Letter to the editor

Dear veterinary professionals and pet parents, 


 I am a longtime dedicated and knowledgeable dog owner with relations with many veterinarians practicing traditional, specialty, and holistic vet care. I am very appreciative of the great care resources we have locally for our animal family members.

Even with the most trusted animal care professionals, I have learned that communication can make a real difference in the outcome of a painful situation.

 I had a Lhasa Apso, Rusty, who had numerous health challenges. I loved him dearly. I was detailed, informed, and committed to his care and quality of life, and had a great team of vets. I took early retirement two years ago to devote my time to enjoy him.

I knew we were not long together as he was just over 16 and in failing health. One bad weekend in May I called the ER a few times with no resolve. Monday morning I rushed Rusty to our specialist, whose team I embraced as family. I directly stated that I did not want Rusty to suffer and that I was relying on the doctor’s guidance. 

Rusty had a high respiratory rate and diagnostics found fluid in his lungs; the doctor administered an injection and said we would know in a few hours.

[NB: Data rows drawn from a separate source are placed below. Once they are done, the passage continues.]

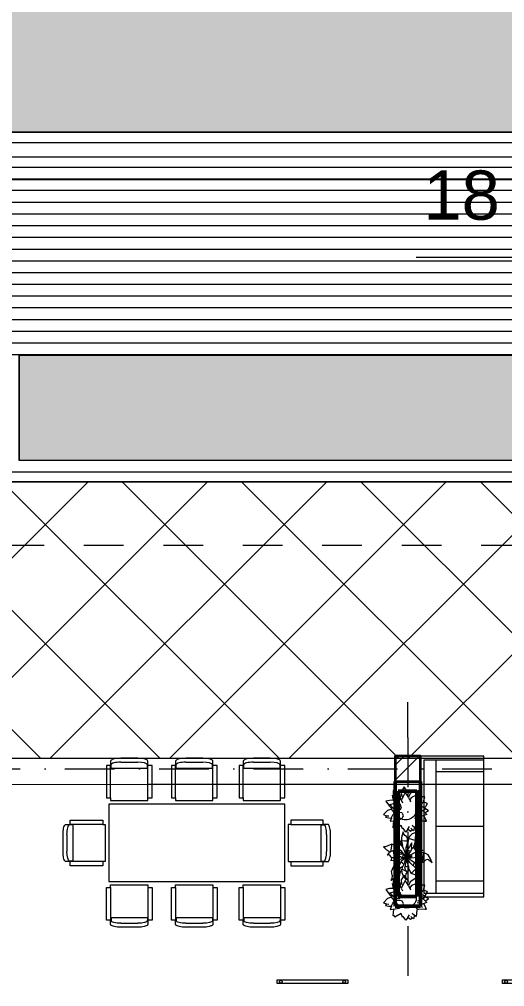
# Model space of a CAD drawing. Header units: millimetres. Extents: x -34838 to 729576, y -214038 to 121482.
# Drawn here: x 574659 to 581555, y -45330 to -31583 of the extents above; entities that cross this region are included whole.
import ezdxf
from ezdxf.enums import TextEntityAlignment as Align

# ---------------------------------------------------------------- set-up
doc = ezdxf.new("R2010")
doc.units = ezdxf.units.MM
doc.header["$MEASUREMENT"] = 0
doc.set_wipeout_variables(frame=1)
for name, pattern in [('Wipeout_Contour', [1000, 0, -1000]), ('Штриховая', [1128.888893, 564.444447, -564.444447]), ('Штрихпунктирная', [1340.555525, 705.555534, -352.777767, 0, -282.222223])]:
    doc.linetypes.add(name, pattern=pattern)
for name, color, linetype, lineweight in [('0_Ном._пера__150', 7, 'Continuous', 50), ('_ ГП _СПОРУДИ.3Д_Ном._пера__1', 7, 'Continuous', 13), ('А _ _ НЕ ДЛЯ ДРУКУ (ДОПОМІЖНІ).ADD_Ном._пера__1', 7, 'Continuous', 13), ('А _ ОСІ КООРДИНАЦІЙНІ.3D_Ном._пера__105', 7, 'Continuous', 13), ('А _ ОСІ КООРДИНАЦІЙНІ.3D_Ном._пера__25', 7, 'Continuous', 0), ('АБ _ 0 _ СТІНИ _ ЗОВНІШНІ .3D_Ном._пера__87', 7, 'Continuous', 13), ('АБ _ 1 _ КОЛОНИ _ КБ.3D_Ном._пера__28', 7, 'Continuous', 35), ('АБ _ 1 _ ПЕРЕКРИТТЯ _ ПІДЛОГИ .3D_Ном._пера__89', 7, 'Continuous', 13), ('АБ _ 1 _ ПЕРЕКРИТТЯ _ ПІДЛОГИ .3D_Ном._пера__98', 140, 'Continuous', 13), ('АП _ 0 _ МЕБЛІ .3D_Ном._пера__1', 7, 'Continuous', 13), ('АП _ 0 _ МЕБЛІ .3D_Ном._пера__19', 255, 'Continuous', 13), ('АП _ ТЕП _ ЗОНИ ПРИМІЩЕНЬ .3D_Ном._пера__122', 255, 'Continuous', 0)]:
    doc.layers.add(name, color=color, linetype=linetype, lineweight=lineweight)
for name, color, linetype, lineweight, true_color in [('0_Ном._пера__54', 7, 'Continuous', 15, 0x5f5f5f), ('_ ГП _СПОРУДИ.3Д_Ном._пера__253', 7, 'Continuous', 13, 0xdadada), ('__ ГП _СПОРУДИ.2Д_Ном._пера__114', 7, 'Continuous', 13, 0xb9b9b9), ('__ ГП _СПОРУДИ.2Д_Ном._пера__231', 7, 'Continuous', 13, 0xcfdbc1), ('__ ГП _СПОРУДИ.2Д_Ном._пера__255', 7, 'Continuous', 0, 0xaaaaaa), ('АП _ 0 _ ОБЛАДНАННЯ (НИЖНЄ).3D_Ном._пера__4', 7, 'Continuous', 15, 0x969696)]:
    doc.layers.add(name, color=color, linetype=linetype, lineweight=lineweight, true_color=true_color)
for name, color, linetype in [('_ ГП _СПОРУДИ.3Д', 7, 'Continuous'), ('__ ГП _СПОРУДИ.2Д', 7, 'Continuous'), ('А _ _ НЕ ДЛЯ ДРУКУ (ДОПОМІЖНІ).ADD', 7, 'Continuous'), ('А _ ОСІ КООРДИНАЦІЙНІ.3D', 7, 'Continuous'), ('АБ _ 0 _ СТІНИ _ ЗОВНІШНІ .3D', 7, 'Continuous'), ('АБ _ 1 _ КОЛОНИ _ КБ.3D', 7, 'Continuous'), ('АБ _ 1 _ ПЕРЕКРИТТЯ _ ПІДЛОГИ .3D', 7, 'Continuous'), ('АП _ 0 _ МЕБЛІ .3D', 7, 'Continuous'), ('АП _ 0 _ ОБЛАДНАННЯ (НИЖНЄ).3D', 7, 'Continuous'), ('АП _ ТЕП _ СПОРУДА (ЗОНИ) .3D', 7, 'Continuous')]:
    doc.layers.add(name, color=color, linetype=linetype)
doc.styles.add('СГЕНЕРИР_СТИЛЬ_1', font='Arial.ttf')

# ---------------------------------------------------------------- blocks, each defined once
blk = doc.blocks.new('Стена_1_4', base_point=(-4200, 21050))
at = {"color": 254, "linetype": 'Wipeout_Contour', "lineweight": 0, "ltscale": 166237.263491}
blk.add_wipeout([(58681, 20550), (-4700, 20550), (-4700, 20375), (58633, 20375)], dxfattribs=at).dxf.layer = 'АБ _ 0 _ СТІНИ _ ЗОВНІШНІ .3D'
at = {"layer": 'АБ _ 0 _ СТІНИ _ ЗОВНІШНІ .3D_Ном._пера__87', "color": 7, "linetype": 'Continuous', "lineweight": 13, "flags": 128}
blk.add_lwpolyline([(-4875, 20375), (58814, 20375)], dxfattribs=at)
at = {"color": 254, "linetype": 'Wipeout_Contour', "lineweight": 0, "ltscale": 166386.735885}
blk.add_wipeout([(58567, 20700), (-4550, 20700), (-4550, 20550), (58525, 20550)], dxfattribs=at).dxf.layer = 'АБ _ 0 _ СТІНИ _ ЗОВНІШНІ .3D'
at = {"layer": 'АБ _ 0 _ СТІНИ _ ЗОВНІШНІ .3D_Ном._пера__87', "color": 7, "linetype": 'Continuous', "lineweight": 13}
blk.add_line((-4550, 20550), (58525, 20550), dxfattribs=at)
at = {"color": 254, "linetype": 'Wipeout_Contour', "lineweight": 0, "ltscale": 166461.609658}
blk.add_wipeout([(-4350, 20700), (58359, 20700), (58414, 20900), (-4350, 20900)], dxfattribs=at).dxf.layer = 'АБ _ 0 _ СТІНИ _ ЗОВНІШНІ .3D'
at = {"layer": 'АБ _ 0 _ СТІНИ _ ЗОВНІШНІ .3D_Ном._пера__87', "color": 7, "linetype": 'Continuous', "lineweight": 13}
blk.add_line((-4350, 20700), (58359, 20700), dxfattribs=at)
at = {"color": 254, "linetype": 'Wipeout_Contour', "lineweight": 0, "ltscale": 166660.060715}
blk.add_wipeout([(58300, 21050), (-4200, 21050), (-4200, 20900), (58259, 20900)], dxfattribs=at).dxf.layer = 'АБ _ 0 _ СТІНИ _ ЗОВНІШНІ .3D'
at = {"layer": 'АБ _ 0 _ СТІНИ _ ЗОВНІШНІ .3D_Ном._пера__87', "color": 7, "linetype": 'Continuous', "lineweight": 13}
blk.add_line((-4200, 20900), (58259, 20900), dxfattribs=at)
at = {"layer": 'АБ _ 0 _ СТІНИ _ ЗОВНІШНІ .3D_Ном._пера__87', "color": 7, "linetype": 'Continuous', "lineweight": 13, "flags": 128}
blk.add_lwpolyline([(58300, 21050), (-4200, 21050)], dxfattribs=at)
blk = doc.blocks.new('*X18')
at = {"layer": '__ ГП _СПОРУДИ.2Д_Ном._пера__114', "color": 9, "linetype": 'Continuous', "lineweight": 13, "true_color": 0xb9b9b9}
for p, q in [((48706, 20217), (47706, 20217)), ((48706, 20217), (47706, 20217)), ((49706, 20217), (48706, 20217)), ((49706, 20217), (48706, 20217)), ((50706, 20217), (49706, 20217)), ((50706, 20217), (49706, 20217)), ((51706, 20217), (50706, 20217)), ((51706, 20217), (50706, 20217)), ((52706, 20217), (51706, 20217)), ((52706, 20217), (51706, 20217)), ((53706, 20217), (52706, 20217)), ((53706, 20217), (52706, 20217)), ((54706, 20217), (53706, 20217)), ((54706, 20217), (53706, 20217)), ((55706, 20217), (54706, 20217)), ((55706, 20217), (54706, 20217)), ((48706, 20050), (47706, 20050)), ((49706, 20050), (48706, 20050)), ((50706, 20050), (49706, 20050)), ((51706, 20050), (50706, 20050)), ((52706, 20050), (51706, 20050)), ((53706, 20050), (52706, 20050)), ((54706, 20050), (53706, 20050)), ((55706, 20050), (54706, 20050)), ((48706, 19883), (47706, 19883)), ((49706, 19883), (48706, 19883)), ((50706, 19883), (49706, 19883)), ((51706, 19883), (50706, 19883)), ((52706, 19883), (51706, 19883)), ((53706, 19883), (52706, 19883)), ((54706, 19883), (53706, 19883)), ((55706, 19883), (54706, 19883)), ((48706, 19717), (47706, 19717)), ((49706, 19717), (48706, 19717)), ((50706, 19717), (49706, 19717)), ((51706, 19717), (50706, 19717)), ((52706, 19717), (51706, 19717)), ((53706, 19717), (52706, 19717)), ((54706, 19717), (53706, 19717)), ((55706, 19717), (54706, 19717)), ((48706, 19550), (47706, 19550)), ((49706, 19550), (48706, 19550)), ((50706, 19550), (49706, 19550)), ((51706, 19550), (50706, 19550)), ((52706, 19550), (51706, 19550)), ((53706, 19550), (52706, 19550)), ((54706, 19550), (53706, 19550)), ((55706, 19550), (54706, 19550)), ((48706, 19383), (47706, 19383)), ((48706, 19383), (47706, 19383)), ((49706, 19383), (48706, 19383)), ((49706, 19383), (48706, 19383)), ((50706, 19383), (49706, 19383)), ((50706, 19383), (49706, 19383)), ((51706, 19383), (50706, 19383)), ((51706, 19383), (50706, 19383)), ((52706, 19383), (51706, 19383)), ((52706, 19383), (51706, 19383)), ((53706, 19383), (52706, 19383)), ((53706, 19383), (52706, 19383)), ((54706, 19383), (53706, 19383)), ((54706, 19383), (53706, 19383)), ((55706, 19383), (54706, 19383)), ((55706, 19383), (54706, 19383)), ((48706, 19217), (47706, 19217)), ((49706, 19217), (48706, 19217)), ((50706, 19217), (49706, 19217)), ((51706, 19217), (50706, 19217)), ((52706, 19217), (51706, 19217)), ((53706, 19217), (52706, 19217)), ((54706, 19217), (53706, 19217)), ((55706, 19217), (54706, 19217)), ((48706, 19050), (47706, 19050)), ((49706, 19050), (48706, 19050)), ((50706, 19050), (49706, 19050)), ((51706, 19050), (50706, 19050)), ((52706, 19050), (51706, 19050)), ((53706, 19050), (52706, 19050)), ((54706, 19050), (53706, 19050)), ((55706, 19050), (54706, 19050)), ((48706, 18883), (47706, 18883)), ((49706, 18883), (48706, 18883)), ((50706, 18883), (49706, 18883)), ((51706, 18883), (50706, 18883)), ((52706, 18883), (51706, 18883)), ((53706, 18883), (52706, 18883)), ((54706, 18883), (53706, 18883)), ((55706, 18883), (54706, 18883)), ((48706, 18717), (47706, 18717)), ((49706, 18717), (48706, 18717)), ((50706, 18717), (49706, 18717)), ((51706, 18717), (50706, 18717)), ((52706, 18717), (51706, 18717)), ((53706, 18717), (52706, 18717)), ((54706, 18717), (53706, 18717)), ((55706, 18717), (54706, 18717)), ((48706, 18550), (47706, 18550)), ((48706, 18550), (47706, 18550)), ((49706, 18550), (48706, 18550)), ((49706, 18550), (48706, 18550)), ((50706, 18550), (49706, 18550)), ((50706, 18550), (49706, 18550)), ((51706, 18550), (50706, 18550)), ((51706, 18550), (50706, 18550)), ((52706, 18550), (51706, 18550)), ((52706, 18550), (51706, 18550)), ((53706, 18550), (52706, 18550)), ((53706, 18550), (52706, 18550)), ((54706, 18550), (53706, 18550)), ((54706, 18550), (53706, 18550)), ((55706, 18550), (54706, 18550)), ((55706, 18550), (54706, 18550)), ((48706, 18383), (47706, 18383)), ((49706, 18383), (48706, 18383)), ((50706, 18383), (49706, 18383)), ((51706, 18383), (50706, 18383)), ((52706, 18383), (51706, 18383)), ((53706, 18383), (52706, 18383)), ((54706, 18383), (53706, 18383)), ((55706, 18383), (54706, 18383)), ((48706, 18217), (47706, 18217)), ((49706, 18217), (48706, 18217)), ((50706, 18217), (49706, 18217)), ((51706, 18217), (50706, 18217)), ((52706, 18217), (51706, 18217)), ((53706, 18217), (52706, 18217)), ((54706, 18217), (53706, 18217)), ((55706, 18217), (54706, 18217)), ((48706, 18050), (47706, 18050)), ((49706, 18050), (48706, 18050)), ((50706, 18050), (49706, 18050)), ((51706, 18050), (50706, 18050)), ((52706, 18050), (51706, 18050)), ((53706, 18050), (52706, 18050)), ((54706, 18050), (53706, 18050)), ((55706, 18050), (54706, 18050)), ((48706, 17883), (47706, 17883)), ((49706, 17883), (48706, 17883)), ((50706, 17883), (49706, 17883)), ((51706, 17883), (50706, 17883)), ((52706, 17883), (51706, 17883)), ((53706, 17883), (52706, 17883)), ((54706, 17883), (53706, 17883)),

My wish was to say goodbye at home, but I decided to leave Rusty there for his best comfort in an oxygen pen with observation. 

Checking back as directed, I was told it was his time. I arrived, then waited through a two-hour staff meeting and an additional half-hour before seeing Rusty. Finally brought to me in a private euthanasia room, he was in a horribly stressed state and his chest rattled. He was not this way when I left him — I would never have let him get to this point. I asked if he needed to be let go immediately, if he was suffering, and was told it was best for both of us to spend additional time together. I was distressed, alone, and confused over Rusty’s agitation and rattling chest.

I played mental tug of war between Rusty’s potential suffering vs acting too quickly. As he gradually relaxed I felt he was okay to stay for a bit. At 5:30 pm, we said farewell, Rusty in my lap. He received one injection, stopping his heart. I quickly said goodbye as his head came to rest with mine. 

A copy of Rusty’s last day medical report arrived later, adding new questions and concerns as to why he had been so stressed.  Some were answered later, when I learned that Rusty, blind and with congestive heart failure, had had a BM in his pen. That he’d been taken off oxygen and bathed explained the additional wait and Rusty’s horribly stressed state when presented to me. As a caring reader you can imagine my emotions. I was tormented by guilt, which eventually affected my health, as I had chosen to leave him with trust.

I felt my request that Rusty not suffer was not honored out of concern for my ease. So I would not see him soiled, Rusty was removed him from oxygen and bathed, a known stressor for him.

I wish they had informed me and given me a choice. In their effort to “make it easier on me” Rusty suffered. His last day could and should have been one of gentle ease. Had his needs been placed first, his passage could have been peaceful — for him and for me.

My hope in sharing our story is to spark thought and discussion, and ultimately, to advocate improved communication between our outstanding Veterinary professionals and the guardians of our beloved animal companions. It is my hope that we can raise the bar, striving always to first do what is best for the animal.